Applying the read_sample function to all file names gives us a set of data frames that we can merge together using the merge function. We merge the data based on the transcript id defined with the by = 1 argument pointing to the first column. We start by reading in just one file which is the ‘base’ dataframe to which we will merge the other files.

During processing it seemed that this data set is divided into two groups which is also listed on the GEO website for this project:

  • GPL11154 Illumina HiSeq 2000 (Homo sapiens)
  • GPL13112 Illumina HiSeq 2000 (Mus musculus)

where the first 6 files are from human source and the last 6 from the mouse.
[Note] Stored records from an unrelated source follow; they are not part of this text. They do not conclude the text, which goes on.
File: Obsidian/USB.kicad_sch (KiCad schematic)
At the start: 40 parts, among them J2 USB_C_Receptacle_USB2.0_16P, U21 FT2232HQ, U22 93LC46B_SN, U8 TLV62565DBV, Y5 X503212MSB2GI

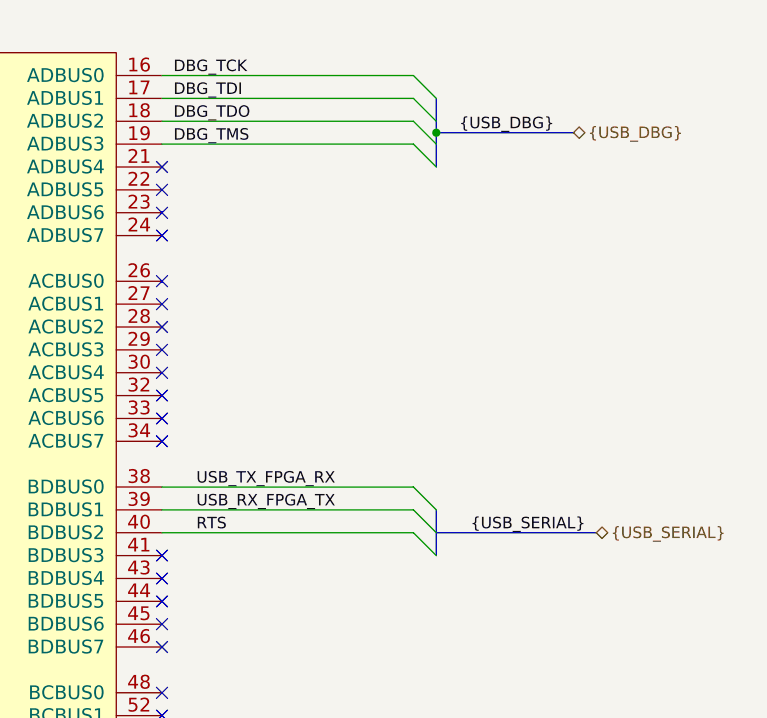
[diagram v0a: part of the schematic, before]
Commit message: check USB serial signals : Continuous plane OK, ground via whenever possible
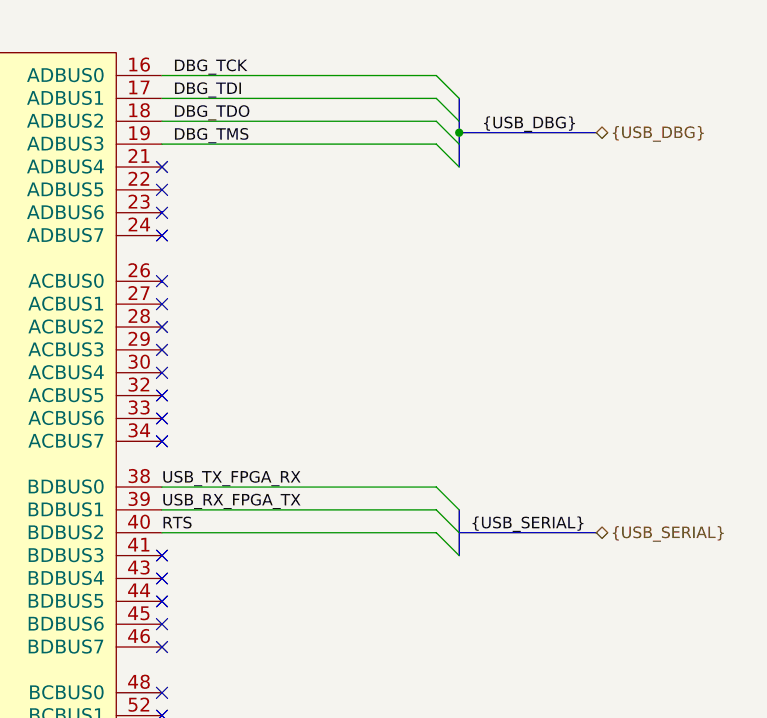
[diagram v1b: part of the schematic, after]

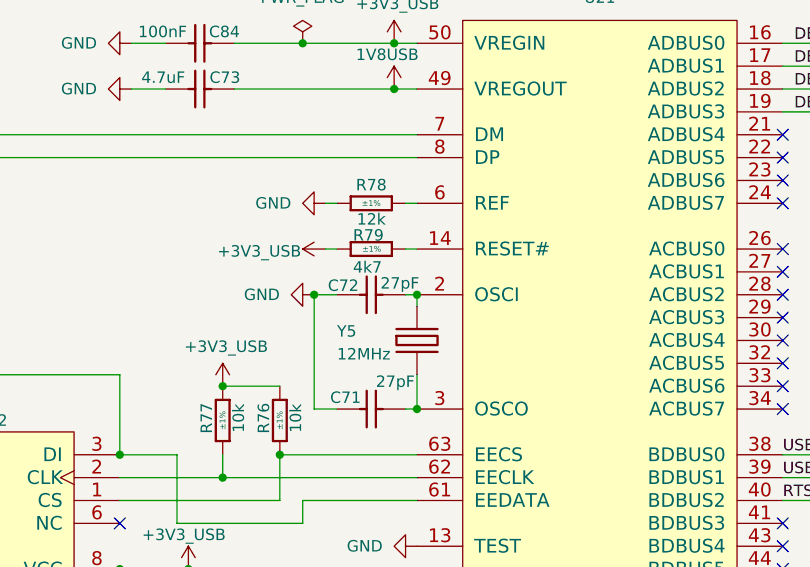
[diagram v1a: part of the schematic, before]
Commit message: replacing FH 0402CG270J500NT capacitor for XTAL in USB with CL05C330JB5NNNC
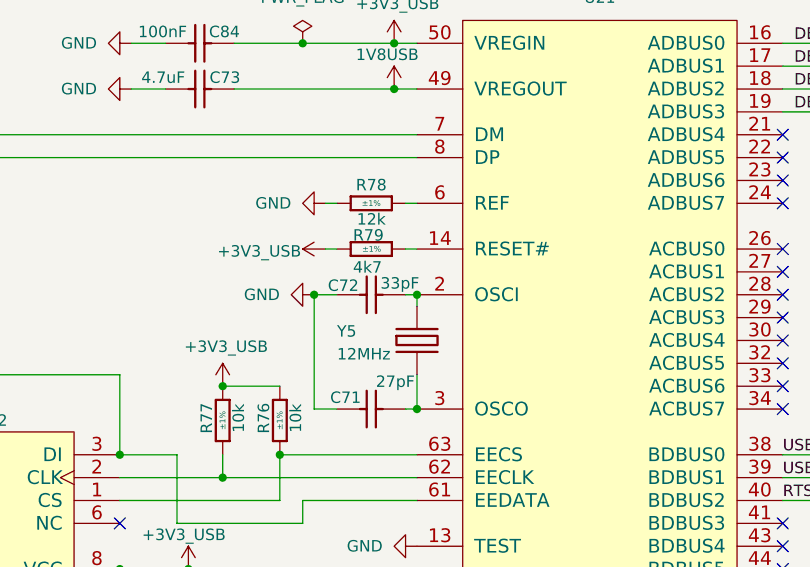
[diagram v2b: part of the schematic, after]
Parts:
- C72: value CC0402_27PF_50V_5%_C0G -> CC0402_33PF_50V_5%_C0G; LCSC C1557 -> C70465; Manufacturer Part Number CC0402_27PF_50V_5%_C0G -> CC0402_33PF_50V_5%_C0G; Manufacturer1 Example KEMET -> Samsung Electro-Mechanics; Manufacturer1 Part Number C0402C270J5GACTU -> CL05C330JB5NNNC; Val 27pF -> 33pF
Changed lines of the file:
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@@
 			)
 		)
-		(property "Value" "CC0402_27PF_50V_5%_C0G"
+		(property "Value" "CC0402_33PF_50V_5%_C0G"
 			(at 180.34 50.927 0)
 			(effects
@@
 			)
 		)
-		(property "Val" "27pF"
+		(property "Val" "33pF"
 			(at 177.546 55.88 0)
 			(effects
@@
 			)
 		)
-		(property "Manufacturer Part Number" "CC0402_27PF_50V_5%_C0G"
+		(property "Manufacturer Part Number" "CC0402_33PF_50V_5%_C0G"
 			(at 180.34 12.827 0)
 			(effects
@@
 			)
 		)
-		(property "Manufacturer1 Example" "KEMET"
+		(property "Manufacturer1 Example" "Samsung Electro-Mechanics"
 			(at 180.34 -4.318 0)
 			(effects
@@
 			)
 		)
-		(property "Manufacturer1 Part Number" "C0402C270J5GACTU"
+		(property "Manufacturer1 Part Number" "CL05C330JB5NNNC"
 			(at 180.34 -6.223 0)
 			(effects
@@
 			)
 		)
-		(property "LCSC" "C1557"
+		(property "LCSC" "C70465"
 			(at 180.34 57.15 0)
 			(effects

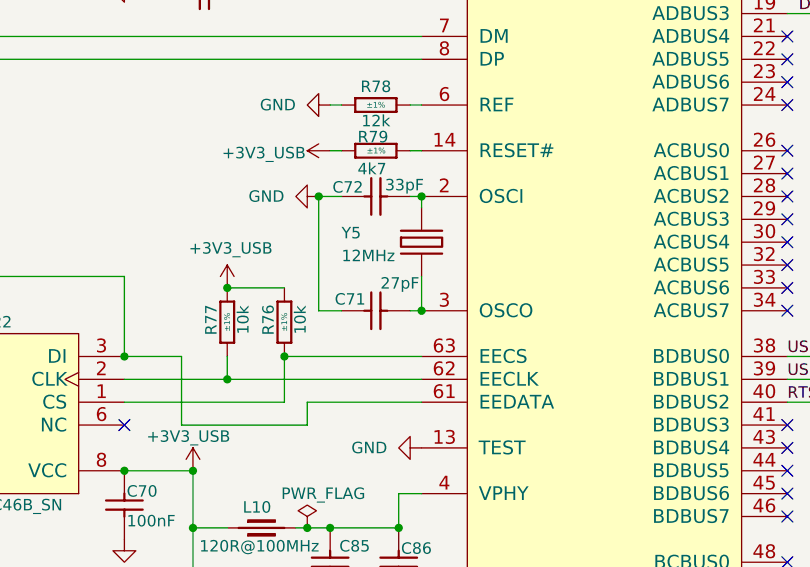
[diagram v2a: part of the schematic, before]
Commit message: correcting straightness of kicad plane around 1V2 regulator
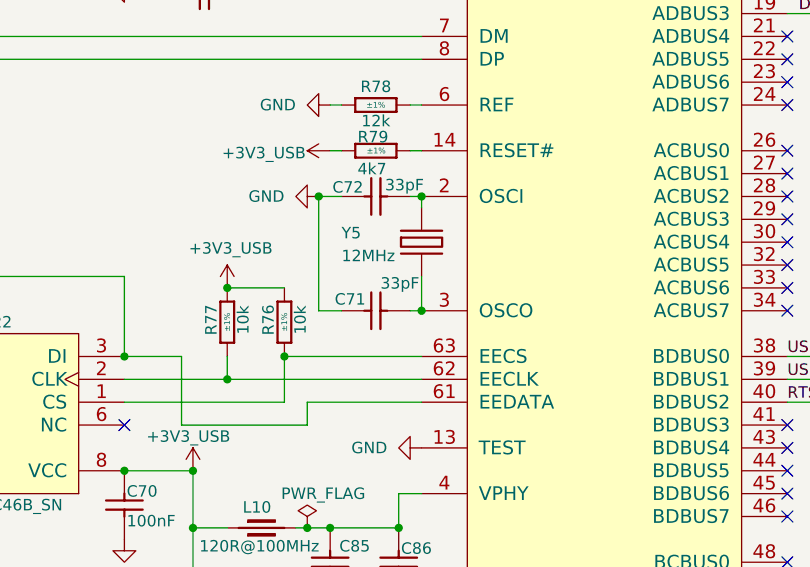
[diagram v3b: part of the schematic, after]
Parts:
- C71: value CC0402_27PF_50V_5%_C0G -> CC0402_33PF_50V_5%_C0G; Comment 27pF -> 33pF; LCSC C1557 -> C70465; Manufacturer Part Number CC0402_27PF_50V_5%_C0G -> CC0402_33PF_50V_5%_C0G; Manufacturer1 Example KEMET -> Samsung Electro-Mechanics; Manufacturer1 Part Number C0402C270J5GACTU -> CL05C330JB5NNNC; Part Number CC0402_27PF_50V_5%_C0G -> CC0402_33PF_50V_5%_C0G; Val 27pF -> 33pF
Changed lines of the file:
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@@
 			)
 		)
-		(property "Value" "CC0402_27PF_50V_5%_C0G"
+		(property "Value" "CC0402_33PF_50V_5%_C0G"
 			(at 180.34 63.627 0)
 			(effects
@@
 			)
 		)
-		(property "Val" "27pF"
+		(property "Val" "33pF"
 			(at 177.038 66.802 0)
 			(effects
@@
 			)
 		)
-		(property "Part Number" "CC0402_27PF_50V_5%_C0G"
+		(property "Part Number" "CC0402_33PF_50V_5%_C0G"
 			(at 180.34 57.912 0)
 			(effects
@@
 			)
 		)
-		(property "Comment" "27pF"
+		(property "Comment" "33pF"
 			(at 180.34 52.197 0)
 			(effects
@@
 			)
 		)
-		(property "Manufacturer Part Number" "CC0402_27PF_50V_5%_C0G"
+		(property "Manufacturer Part Number" "CC0402_33PF_50V_5%_C0G"
 			(at 180.34 25.527 0)
 			(effects
@@
 			)
 		)
-		(property "Manufacturer1 Example" "KEMET"
+		(property "Manufacturer1 Example" "Samsung Electro-Mechanics"
 			(at 180.34 8.382 0)
 			(effects
@@
 			)
 		)
-		(property "Manufacturer1 Part Number" "C0402C270J5GACTU"
+		(property "Manufacturer1 Part Number" "CL05C330JB5NNNC"
 			(at 180.34 6.477 0)
 			(effects
@@
 			)
 		)
-		(property "LCSC" "C1557"
+		(property "LCSC" "C70465"
 			(at 180.34 69.85 0)
 			(effects

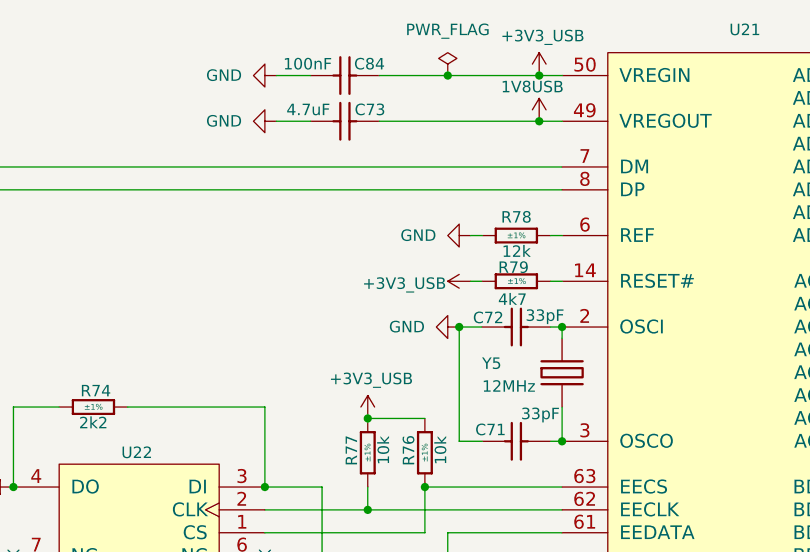
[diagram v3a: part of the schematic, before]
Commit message: Modifying line voltage for certain components, adding pull up resistor
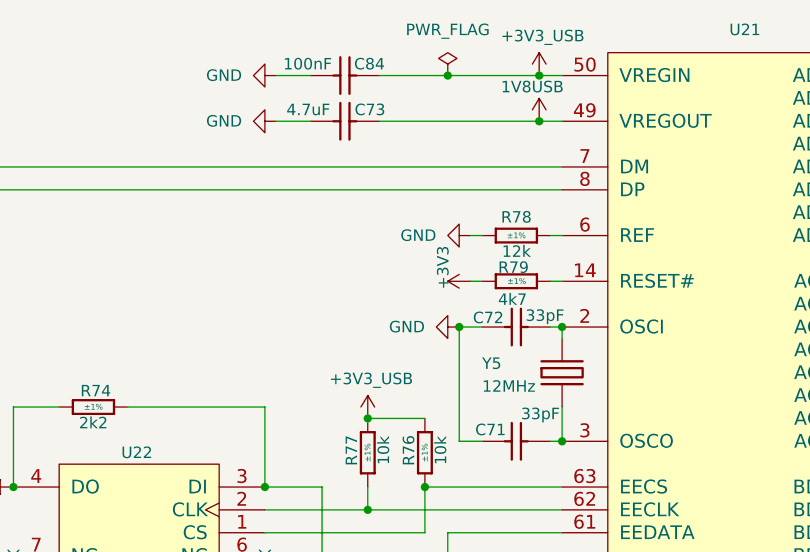
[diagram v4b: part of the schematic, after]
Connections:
- net +3V3: now also R79.2
- net +3V3_USB: no longer R79.2
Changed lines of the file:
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@@
 	(symbol
 		(lib_id "Library_Symbol:+3V3_USB")
-		(at 171.45 52.07 90)
-		(unit 1)
-		(exclude_from_sim no)
-		(in_bom yes)
-		(on_board yes)
-		(dnp no)
-		(property "Reference" "#PWR0107"
-			(at 175.26 52.07 0)
-			(effects
-				(font
-					(size 1.27 1.27)
-				)
-				(hide yes)
-			)
-		)
-		(property "Value" "+3V3_USB"
-			(at 164.084 52.324 90)
-			(effects
-				(font
-					(size 1.27 1.27)
-				)
-			)
-		)
-		(property "Footprint" ""
-			(at 171.45 52.07 0)
-			(effects
-				(font
-					(size 1.27 1.27)
-				)
-				(hide yes)
-			)
-		)
-		(property "Datasheet" ""
-			(at 171.45 52.07 0)
-			(effects
-				(font
-					(size 1.27 1.27)
-				)
-				(hide yes)
-			)
-		)
-		(property "Description" ""
-			(at 171.45 52.07 0)
-			(effects
-				(font
-					(size 1.27 1.27)
-				)
-				(hide yes)
-			)
-		)
-		(pin "1"
-		)
-		(instances
-			(project "Marble_Tiny"
-				(path "/c2a4f786-b14c-434a-acf7-b20fb2221b0b/62565c75-62b0-4544-832f-1275174835af"
-					(reference "#PWR0107")
-					(unit 1)
-				)
-			)
-		)
-	)
-	(symbol
-		(lib_id "Library_Symbol:+3V3_USB")
 		(at 156.21 87.63 0)
 		(unit 1)
@@
 					(unit 1)
 				)
+			)
+		)
+	)
+	(symbol
+		(lib_id "Library_Symbol:+1V0")
+		(at 171.45 52.07 90)
+		(unit 1)
+		(exclude_from_sim no)
+		(in_bom yes)
+		(on_board yes)
+		(dnp no)
+		(property "Reference" "#PWR061"
+			(at 175.26 52.07 0)
+			(effects
+				(font
+					(size 1.27 1.27)
+				)
+				(hide yes)
+			)
+		)
+		(property "Value" "+3V3"
+			(at 168.402 50.546 0)
+			(effects
+				(font
+					(size 1.27 1.27)
+				)
+			)
+		)
+		(property "Footprint" ""
+			(at 171.45 52.07 0)
+			(effects
+				(font
+					(size 1.27 1.27)
+				)
+				(hide yes)
+			)
+		)
+		(property "Datasheet" ""
+			(at 171.45 52.07 0)
+			(effects
+				(font
+					(size 1.27 1.27)
+				)
+				(hide yes)
+			)
+		)
+		(property "Description" "Power symbol creates a global label with name \"+1V0\""
+			(at 171.45 52.07 0)
+			(effects
+				(font
+					(size 1.27 1.27)
+				)
+				(hide yes)
+			)
+		)
+		(pin "1"
+		)
+		(instances
+			(project "Obsidian"
+				(path "/c2a4f786-b14c-434a-acf7-b20fb2221b0b/62565c75-62b0-4544-832f-1275174835af"
+					(reference "#PWR061")
+					(unit 1)
+				)

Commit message: update LCSC reference, and OFFSET rotation for JLCPCB
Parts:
- U22: FT Rotation Offset (none) -> 270
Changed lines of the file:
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@@
 			)
 		)
-		(property "FT Rotation Offset" ""
+		(property "FT Rotation Offset" "270"
 			(at 143.51 72.39 0)
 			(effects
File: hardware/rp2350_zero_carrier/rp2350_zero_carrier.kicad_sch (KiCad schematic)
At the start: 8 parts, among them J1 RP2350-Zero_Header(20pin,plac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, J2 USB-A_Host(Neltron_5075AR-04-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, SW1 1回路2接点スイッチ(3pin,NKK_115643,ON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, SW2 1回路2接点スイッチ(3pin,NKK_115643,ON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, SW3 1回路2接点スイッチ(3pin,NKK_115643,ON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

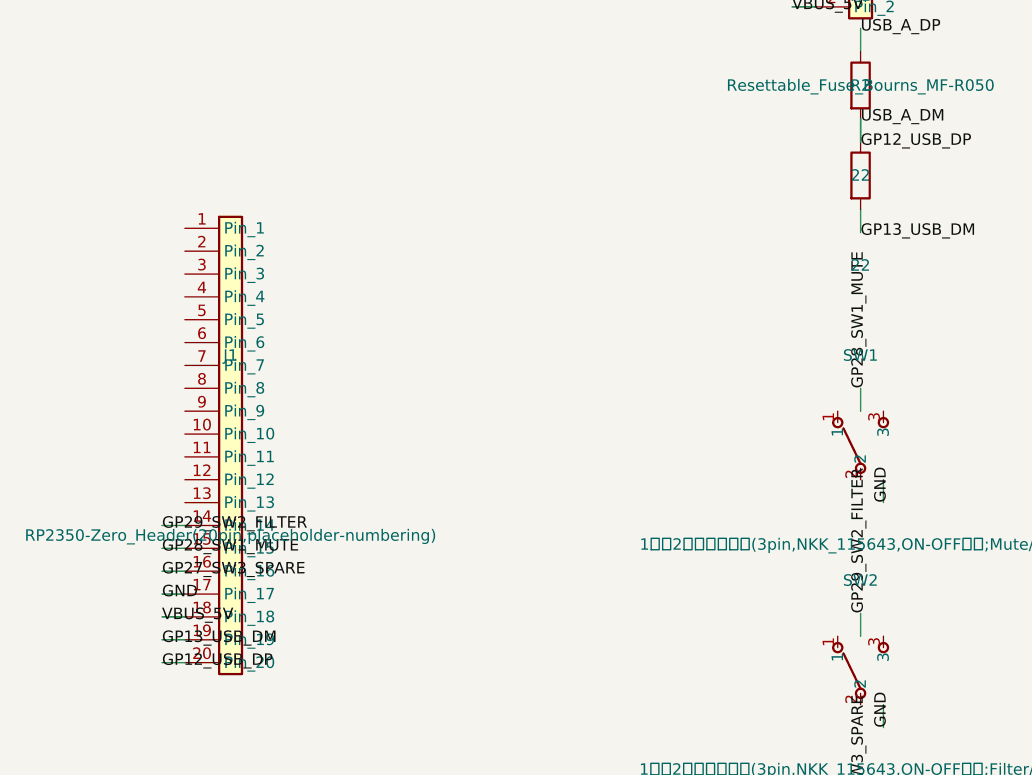
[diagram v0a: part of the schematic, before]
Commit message: feat: unify game mode and add Sumeru lyre mapping
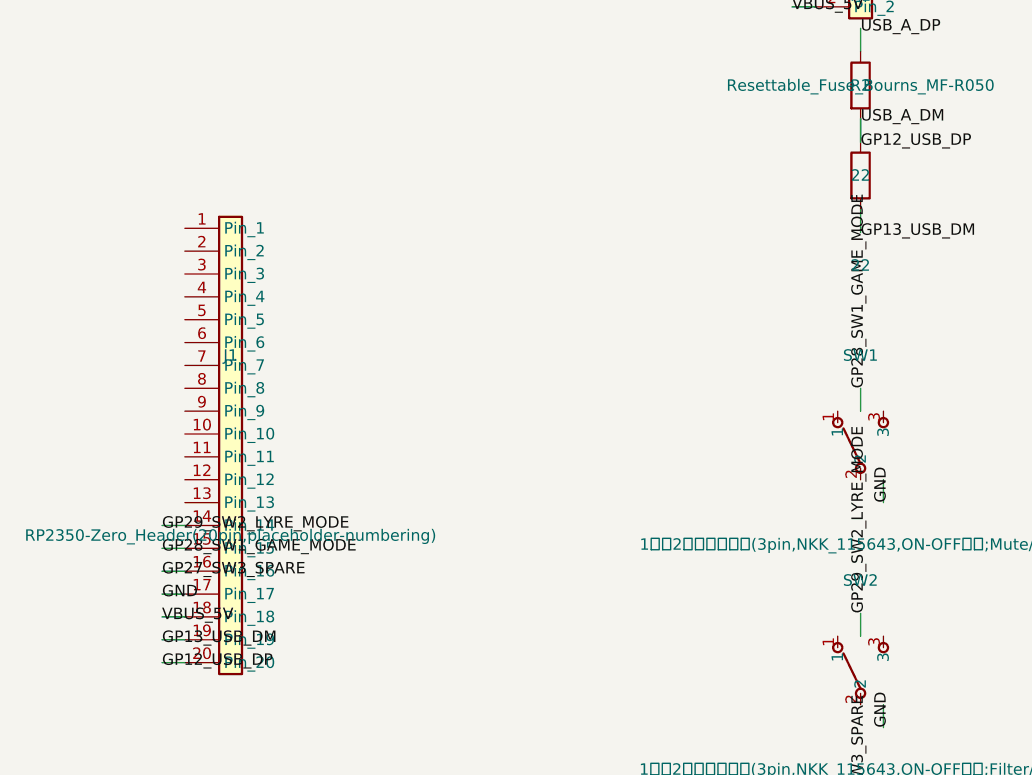
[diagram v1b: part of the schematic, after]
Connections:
- net GP28_SW1_MUTE renamed GP28_SW1_GAME_MODE
- net GP29_SW2_FILTER renamed GP29_SW2_LYRE_MODE
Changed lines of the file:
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@@
   (label "GND" (at 32.38 146.51 0) (effects (font (size 1.27 1.27)) (justify left)))
   (label "GP27_SW3_SPARE" (at 32.38 143.97 0) (effects (font (size 1.27 1.27)) (justify left)))
-  (label "GP28_SW1_MUTE" (at 32.38 141.43 0) (effects (font (size 1.27 1.27)) (justify left)))
-  (label "GP29_SW2_FILTER" (at 32.38 138.89 0) (effects (font (size 1.27 1.27)) (justify left)))
+  (label "GP28_SW1_GAME_MODE" (at 32.38 141.43 0) (effects (font (size 1.27 1.27)) (justify left)))
+  (label "GP29_SW2_LYRE_MODE" (at 32.38 138.89 0) (effects (font (size 1.27 1.27)) (justify left)))
   (label "GP12_USB_DP" (at 110 96.35 0) (effects (font (size 1.27 1.27)) (justify left)))
   (label "USB_A_DP" (at 110 83.65 0) (effects (font (size 1.27 1.27)) (justify left)))
@@
   (label "USB_A_DP" (at 152.38 88.73 0) (effects (font (size 1.27 1.27)) (justify left)))
   (label "GND" (at 152.38 86.19 0) (effects (font (size 1.27 1.27)) (justify left)))
-  (label "GP28_SW1_MUTE" (at 110 123.65 90) (effects (font (size 1.27 1.27)) (justify left)))
+  (label "GP28_SW1_GAME_MODE" (at 110 123.65 90) (effects (font (size 1.27 1.27)) (justify left)))
   (label "GND" (at 112.54 136.35 90) (effects (font (size 1.27 1.27)) (justify left)))
-  (label "GP29_SW2_FILTER" (at 110 148.65 90) (effects (font (size 1.27 1.27)) (justify left)))
+  (label "GP29_SW2_LYRE_MODE" (at 110 148.65 90) (effects (font (size 1.27 1.27)) (justify left)))
   (label "GND" (at 112.54 161.35 90) (effects (font (size 1.27 1.27)) (justify left)))
   (label "GP27_SW3_SPARE" (at 110 173.65 90) (effects (font (size 1.27 1.27)) (justify left)))

Therefore, the following code only shows how to read the first 6 samples and merge these into a single dataframe. Repeating this process for the other 6 files would result into another dataframe for those samples.

setwd('./data/GSE109798_RAW/')

## Read the FIRST sample
dataset <- read_sample(file.names[1])

## Read first sample group (6)
for (file.name in file.names[2:6]) {
  sample <- read_sample(file.name)
  dataset <- merge(dataset, sample, by = 1)
}

pander(head(dataset))
transcript_id GSM2970149_4T1E274 GSM2970150_4T1E266 GSM2970151_4T1E247D
uc007aet.1 1.82 0 0
uc007aeu.1 0 1 0.24
uc007aev.1 0 0 0
uc007aew.1 0 0 0.97
uc007aex.2 0 0 0
uc007aey.1 0 0 0

Table continues below

GSM2970152_4T1P2247A GSM2970153_4T1P2247G GSM2970154_4T1P2247F
0 0 0
0.13 0 0
0 0 0
0 1 0
0 0 0
0 0 0

The dataset variable now contains all data for the first 6 samples in this experiment. It is advisable to compare the number of rows in this data set with the number of rows in a single sample. It is not guaranteed that all samples have exactly the same number of genes/transcripts present (i.e., 0-values might have been discarded) which results in a final data set that has as many rows as the smallest sample. See the help of merge if this is the case because the all argument can be used to introduce extra rows for missing data.